スクランブル・マインド―時空の扉 マインド・スパイラル

キャロル マタス & ペリー ノーデルマン
スクランブル・マインド―時空の扉 (マインド・スパイラル)



ハリーの第一巻以外で始めて読んだネオファンタジーということになりますね。あっさり読めて、面白かったです。

ファンタジーでは、どういう不思議を持ち込むか、その持ち込み方をどうするか、が一つのポイントになる。不思議とは時間や空間の超越や、物理法則を無視できる能力などである。

これに関して従来は、『ほんものの魔法使い』(P. ギャリコ)などのように、一般に控えめに、だが効果的に持ち込むことが多く、かつ推奨された。ところが、ハリー・ポッターや、このマインド・スパイラルなどのネオファンタジーでは、魔法が潤沢にあっさり登場する。

主人公のレノーラ姫には、究極の能力とも言える、想像した通りに現実を変える事ができるという、すさまじい力が与えられており、さらには、彼女の住む国の住人は皆その能力を持つ。すでに、かなり掟破りな世界である。

またもう一人のコリン王子の方は、他人の心の中が見え、聴こえ、心の中に入れるという、能力を持っており、こちらも彼の国では住人がみなその能力を持っている。レノーラの国ほどではないが、こちらも十分に凄まじい。

こんなことをしたら、ファンタジーとして成立しないんではないかと、私は心配してしまったのだが、いやぁ、見事だ。ちゃんとルールを踏まえて世界を構築できている。多少強引な印象はあるが、終盤の攻防はなかなか「あっ」と言わせるものだ。なるほどねぇ、そうきたか、という。

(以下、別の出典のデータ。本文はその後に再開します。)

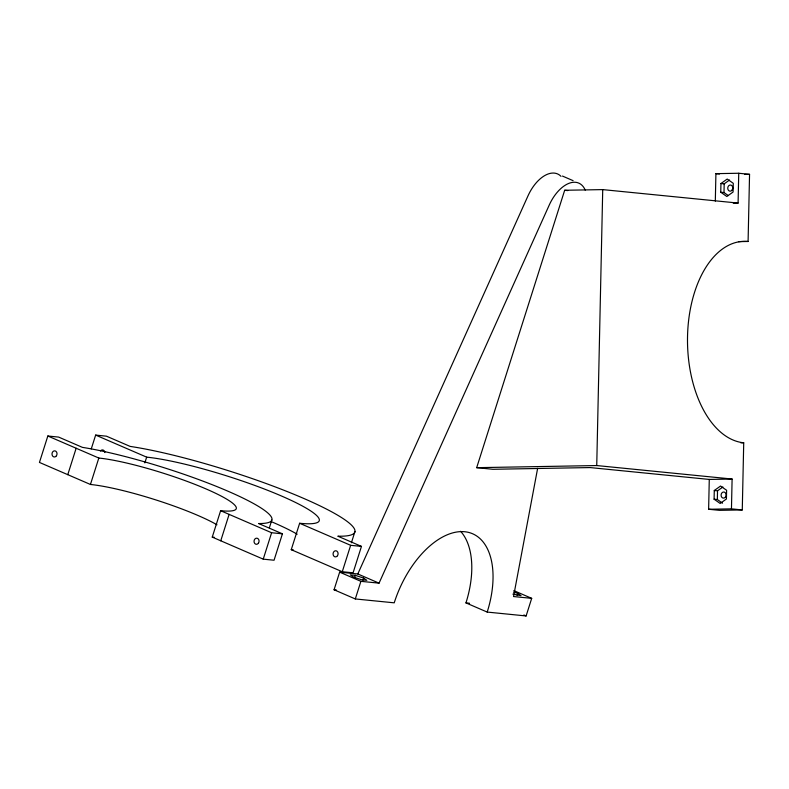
<?xml version="1.0" encoding="UTF-8"?>
<svg xmlns="http://www.w3.org/2000/svg" width="789" height="789" viewBox="0 0 789 789"><rect width="100%" height="100%" fill="white"/><g stroke="black" fill="none" stroke-linecap="round" stroke-linejoin="round"><path stroke-width="1.18" d="M732.103 479.031L596.74 465.549L602.727 189.607L564.677 190.277L476.684 467.67L492.898 469.287L590.133 467.571L709.272 479.436L732.103 479.031L731.462 508.856L742.271 509.931L743.721 442.787A100.834 58.406 89 0 1 687.535 336.321A100.834 58.406 89 0 1 748.09 241.473L749.55 174.339L738.741 173.255L715.909 173.659L715.317 201.106M742.271 509.931L719.44 510.335L708.63 509.26L709.272 479.436M714.094 499.21L714.282 490.502L720.544 486.034L726.61 490.275L726.422 498.993L720.16 503.461L714.094 499.21L717.339 499.536L722.537 503.175M720.751 192.24L720.949 183.521L727.202 179.054L733.277 183.304L733.08 192.023L726.827 196.491L720.751 192.24L723.996 192.565L728.336 195.593M717.339 499.536L717.526 490.817L722.892 486.991M723.996 192.565L724.184 183.847L729.549 180.01M733.287 203.167L738.09 203.079L738.741 173.255M537.644 468.321L513.54 596.543L531.697 598.348L526.115 615.953L487.198 612.077L465.954 602.895A80.291 45.22 -66.6 0 0 460.579 531.273M47.833 436.011L98.822 458.044A80.291 11.727 17.6 0 1 206.205 489.002A80.291 11.727 17.6 0 1 220.624 510.7L212.251 537.112L263.24 559.154L274.049 560.229L282.432 533.818L258.634 523.531A117.64 17.18 17.6 0 0 227.834 491.152A117.64 17.18 17.6 0 0 82.431 447.373L58.642 437.086L47.833 436.011L39.45 462.423L90.439 484.466A80.291 11.727 17.6 0 1 216.985 524.784M67.775 474.662L76.158 448.251M91.268 448.882L95.647 435.094L106.456 436.179L130.106 446.396A138.183 20.189 17.6 0 1 303.144 498.175A138.183 20.189 17.6 0 1 337.81 536.175L361.461 546.402L353.077 572.814L342.268 571.729L291.249 549.686L299.633 523.275A100.834 14.735 17.6 0 0 281.525 496.025A100.834 14.735 17.6 0 0 146.655 457.147L95.647 435.094M90.439 484.466L98.822 458.044M144.841 462.896L146.655 457.147M220.752 540.79L229.126 514.369M269.384 527.742L271.83 520.04M263.24 559.154L271.613 532.743L282.432 533.818M487.198 612.077A80.291 45.22 -66.6 0 0 464.731 531.737A80.291 45.22 -66.6 0 0 394.224 602.826L355.306 598.95L334.063 589.768L339.645 572.153L357.802 573.968L379.055 583.15L549.272 204.992A32.674 18.403 -66.6 0 1 585.221 190.119M342.268 571.729L350.651 545.317L361.461 546.402M351.401 542.773L354.961 531.539M354.685 577.459L355.356 575.349L363.621 578.081L366.826 580.3L361.776 579.797L353.511 577.075L350.306 574.846L355.356 575.349M355.306 598.95L360.889 581.335L379.055 583.15M362.95 580.191L363.621 578.081M517.16 595.547L517.831 593.436L513.698 592.066M357.802 573.968L528.019 195.81A32.674 18.403 -66.6 0 1 561.028 176.361M744.747 174.418L749.55 174.339M738.484 241.641L748.09 241.473M740.871 442.836L743.721 442.787M476.684 467.67L596.74 465.549M708.63 509.26L731.462 508.856M715.909 173.659L719.509 174.024M720.949 183.521L724.184 183.847M602.727 189.607L738.09 203.079M564.677 190.277L567.725 190.583M714.282 490.502L717.526 490.817M334.063 589.768L336.361 589.994M465.954 602.895L469.554 603.26M512.889 594.137L521.046 595.665L517.831 593.436M562.478 176.065L573.1 180.661M513.807 590.616L531.697 598.348M523.876 614.986L526.115 615.953M299.633 523.275L350.651 545.317M220.624 510.7L271.613 532.743M339.645 572.153L360.889 581.335M293.301 549.874A100.834 14.735 17.6 0 1 291.249 549.686M271.16 521.588A100.834 14.735 17.6 0 1 297.197 534.192M100.489 450.992A3.077 2.505 -84.3 0 1 103.132 450.055A3.077 2.505 -84.3 0 1 104.829 452.57M214.283 537.289A80.291 11.727 17.6 0 1 212.251 537.112M725.525 496.932A3.077 2.505 -84.3 0 0 724.016 492.02A3.077 2.505 -84.3 0 0 721.245 496.251A3.077 2.505 -84.3 0 0 725.525 496.932M732.192 189.962A3.077 2.505 -84.3 0 0 730.683 185.04A3.077 2.505 -84.3 0 0 727.902 189.281A3.077 2.505 -84.3 0 0 732.192 189.962M337.475 555.752A3.077 2.505 -84.3 0 0 336.065 550.791A3.077 2.505 -84.3 0 0 333.205 554.943A3.077 2.505 -84.3 0 0 337.475 555.752M56.404 455.835A3.077 2.505 -84.3 0 0 54.993 450.874A3.077 2.505 -84.3 0 0 52.133 455.036A3.077 2.505 -84.3 0 0 56.404 455.835M258.447 543.167A3.077 2.505 -84.3 0 0 257.036 538.206A3.077 2.505 -84.3 0 0 254.176 542.368A3.077 2.505 -84.3 0 0 258.447 543.167"/></g></svg>

それからハリーと共通する特徴として、登場人物が現代的だ。レノーラ姫は、自己主張が激しい現代的な普通の女の子で、口調も乱暴で、テンションの上がり下がりが激しく行動的。コリン王子は、弱気な内省型でそばかすの細身、冒険よりはぼんやりしたり、のんびり散歩をしたりする方が好きな赤毛の男の子だ。欧米ならば、彼女と彼に、自分自身を投影する子供達が大勢いる事だろう。日本の子供達にもかなり身近な存在として映るだろう。

彼らの悩む事、喜ぶことは、異世界を舞台にしており、派手な魔法に彩られてはいるが、日常的に現代の子供達が感じているのと大差ない。テレビスターに憧れ、幻滅を感じ、身近な存在が急に気になったり、自分自身の言動に戸惑う。

これは一巻目で既に四巻まで出ている。とりあえず二巻目を読んでみようと思う。全体的な評価は、もう少し先延ばししたい。